▶ **ASSIGNMENT**: Begin with the line containing "extrude(amount=BOSS_EXTRUDE1_DEPTH)" and end with the last line of the data below; return those lines exactly, and only those.

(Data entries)
*** Block opens ***

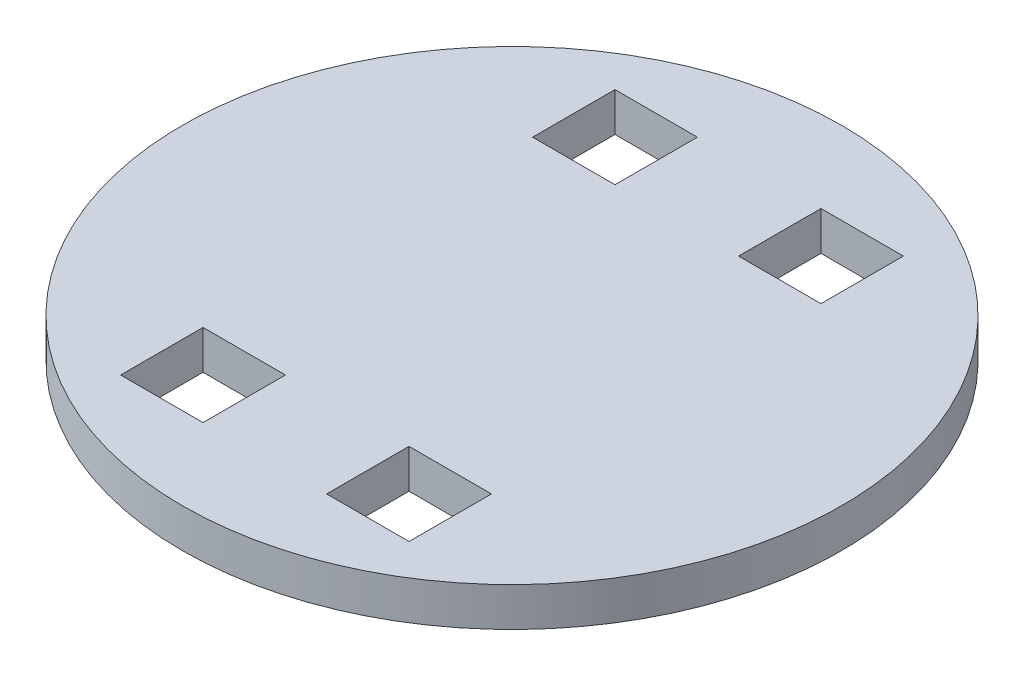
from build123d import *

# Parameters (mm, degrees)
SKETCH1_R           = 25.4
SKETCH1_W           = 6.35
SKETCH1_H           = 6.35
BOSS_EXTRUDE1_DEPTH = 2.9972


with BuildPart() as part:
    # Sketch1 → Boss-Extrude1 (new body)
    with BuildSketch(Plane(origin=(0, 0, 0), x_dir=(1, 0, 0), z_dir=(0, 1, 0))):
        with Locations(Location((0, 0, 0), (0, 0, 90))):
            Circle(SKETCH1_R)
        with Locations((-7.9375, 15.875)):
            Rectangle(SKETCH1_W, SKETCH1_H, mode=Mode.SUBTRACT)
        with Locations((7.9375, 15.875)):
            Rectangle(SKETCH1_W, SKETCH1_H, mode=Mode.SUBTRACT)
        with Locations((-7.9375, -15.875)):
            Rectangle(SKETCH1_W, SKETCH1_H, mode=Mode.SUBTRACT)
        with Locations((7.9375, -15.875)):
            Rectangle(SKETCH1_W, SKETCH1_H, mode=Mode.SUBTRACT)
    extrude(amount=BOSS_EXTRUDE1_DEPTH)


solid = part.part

*** Block closes ***

▶ **EXPECTED ANSWER**:
    extrude(amount=BOSS_EXTRUDE1_DEPTH)


solid = part.part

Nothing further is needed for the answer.